# Malaguti - Jinxy in his new harness!!



## LadyRedLainey (Apr 7, 2009)

Hiya

The harness arrived 
I tried it out on Jinxy right away  :lol: he did try to take it off (but he was brilliant staying still for me to put it on. he toddled about the flat for a little while, laying down a few times though.
Then i went out into the garden with him (just for about 5 minutes), he loved it, laying down purring :001_wub: he did walk with it a little bit (i was not expecting him to do that on the first day, but he done so well!!)

Anyways, here are a few pictures :001_wub:


























Thanks again Rabea


----------



## Guest (Jun 1, 2009)

So cute...lovely pics.


----------



## Malaguti (Apr 11, 2009)

Aaaw - he looks adorable in it - really handsome!!! I knew that colour would go well with this fur.

Thanks for the pics - they've made my day!! Was a bit worried that the harness wouldn't adjust enough as my tigger is such a whopper and he fitted it comfortably.

What a clever boy your jinxy is - already walking with it a bit!! That's it for you now though - it'll be constant requests to go out from here on in


----------



## LadyRedLainey (Apr 7, 2009)

FREE SPIRIT said:


> So cute...lovely pics.


Thanks 



Malaguti said:


> Aaaw - he looks adorable in it - really handsome!!! I knew that colour would go well with this fur.
> 
> Thanks for the pics - they've made my day!! Was a bit worried that the harness wouldn't adjust enough as my tigger is such a whopper and he fitted it comfortably.
> 
> What a clever boy your jinxy is - already walking with it a bit!! That's it for you now though - it'll be constant requests to go out from here on in


I did need to adjust it quite a bit (obviously lol!), but it is not on the smallest setting though, but a perfect fit. I took the harness off after coming in, and he is just cleaning himself. But when i brought him in, he kept meowing for wanting back out again lol!!. He is having a snooze at the moment, no doubt dreaming of being outside lol.
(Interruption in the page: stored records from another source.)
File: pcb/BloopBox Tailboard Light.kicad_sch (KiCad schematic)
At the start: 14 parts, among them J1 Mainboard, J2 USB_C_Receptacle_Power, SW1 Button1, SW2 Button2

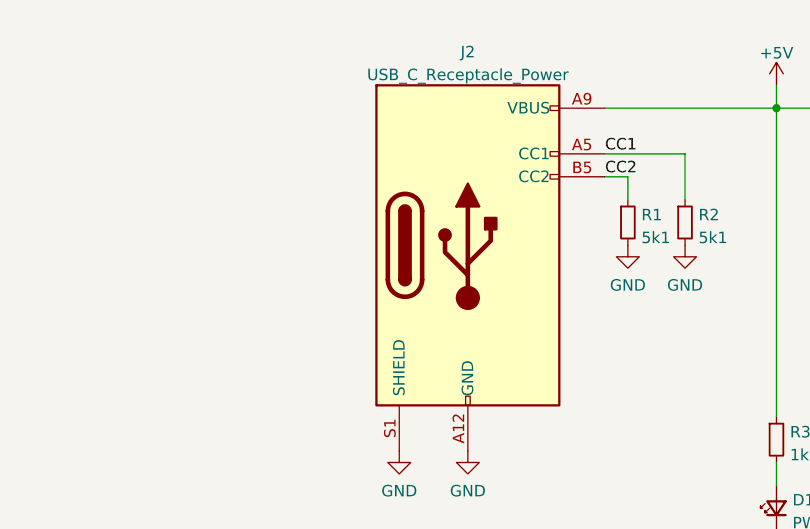
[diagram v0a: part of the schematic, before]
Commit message: chore: update to KiCad 8
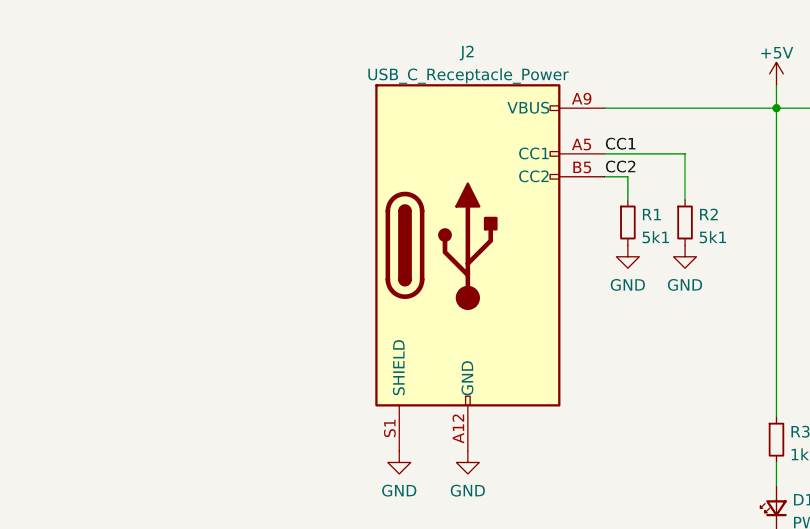
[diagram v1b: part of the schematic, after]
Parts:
- H1, H2: footprint MountingHole:MountingHole_3.2mm_M3_Pad -> MountingHole:MountingHole_3.2mm_M3

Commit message: fix: part number for connector
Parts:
- J1: LCSC C14531 -> C20598766
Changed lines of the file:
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@@
 			)
 		)
-		(property "LCSC" "C14531"
+		(property "LCSC" "C20598766"
 			(at 114.3 46.99 0)
 			(effects
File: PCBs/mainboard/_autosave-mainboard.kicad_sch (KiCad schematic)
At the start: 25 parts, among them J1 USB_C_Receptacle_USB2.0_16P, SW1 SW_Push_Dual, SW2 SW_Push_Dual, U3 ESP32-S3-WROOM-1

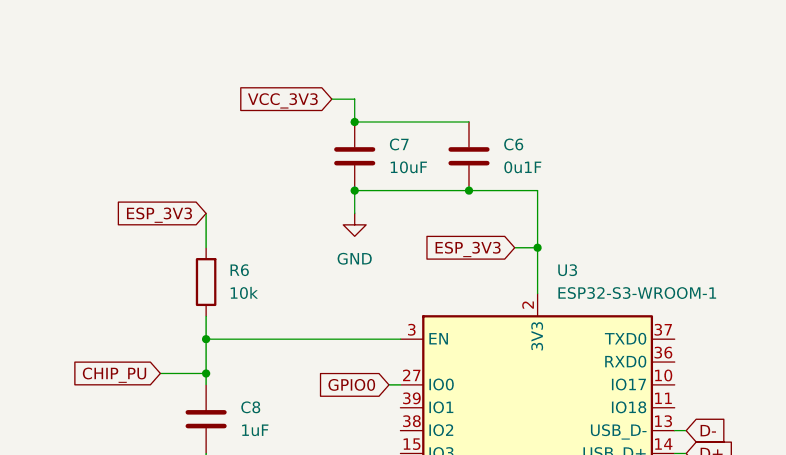
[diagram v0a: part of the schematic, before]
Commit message: Added ESP32 to Schematic
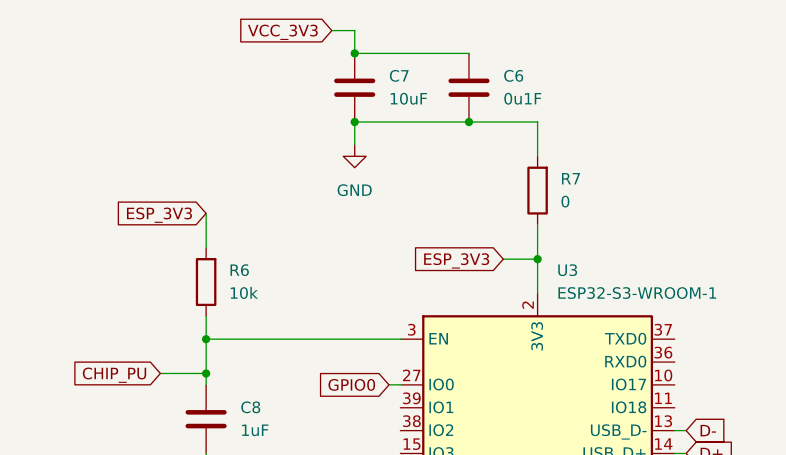
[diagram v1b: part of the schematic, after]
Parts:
- added R7: 0, symbol Device:R
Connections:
- net GND: now also R7.2; no longer R6.2, U3.2 (3V3)
- new net ESP_3V3: R6.2, R7.1, U3.2 (3V3)
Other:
- moved on the sheet: C6, C7

Thanks again, made my day to


----------



## suzy93074 (Sep 3, 2008)

Awwww Jinx looks like he is loving it!! :biggrin5::biggrin5:xx


----------



## LadyRedLainey (Apr 7, 2009)

Thanks Suzy


----------



## Midnight (Jan 17, 2009)

Jinxy looks real cute with that harness on really suits him :thumbup: at least he can't catch any birds !! :hand: x


----------



## SeaThreePeeO (Sep 15, 2008)

Yay! Well done Jinxy!


----------



## LadyRedLainey (Apr 7, 2009)

Midnight said:


> Jinxy looks real cute with that harness on really suits him :thumbup: at least he can't catch any birds !! :hand: x


Very true lol! he was more sniffing around than looking up to lol! Thanks



SeaThreePeeO said:


> Yay! Well done Jinxy!


Thanks


----------



## shezzy (Mar 8, 2009)

Awww  Jinxy really suits his little harness =P


----------



## JoWDC (Jan 11, 2009)

Jinxy looks completely at ease in the harness & looks great outside. Let me guess - he rolled around on the floor in the last one? You just know that now he's had a taste for the big wide world, he's going to want more.


----------



## LadyRedLainey (Apr 7, 2009)

shezzy said:


> Awww  Jinxy really suits his little harness =P


Thanks 



JoWDC said:


> Jinxy looks completely at ease in the harness & looks great outside. Let me guess - he rolled around on the floor in the last one? You just know that now he's had a taste for the big wide world, he's going to want more.


Yes, we are in the habit of cutting the grass etc, but not the brushing it up  but he loved rolling around on it. I took him to a shaded part of the garden, and he was quite happy to just stay there lol! I will wait till he meows to get out again, and will try and get him out for a little while.
x


----------



## lymorelynn (Oct 4, 2008)

Lovely pictures. It looks as if Jinxy has taken to the harness very well :thumbup:


----------



## Lozzy8218 (Dec 3, 2008)

He is gorgeous and looks like he is having a great time - love black cats, there something about them ... can't put my finger on it though hehe.


----------



## colliemerles (Nov 2, 2007)

what a gorgeous cat he is,


----------



## Guest (Jun 8, 2009)

aaaw sweet  I am glad that he is liking the harness :thumbsup:


----------



## KateandCasper (May 29, 2009)

Sooo cute, we have a black kitten and he had his first outing with a harness on today, they are so funny to watch expoloring the garden


----------



## tylow (Feb 11, 2009)

Aaw looking well smart


----------



## purrlover (Mar 27, 2009)

aww he looks so sweet,im thinking of getting my new kitten one(she dont get here till august!)


----------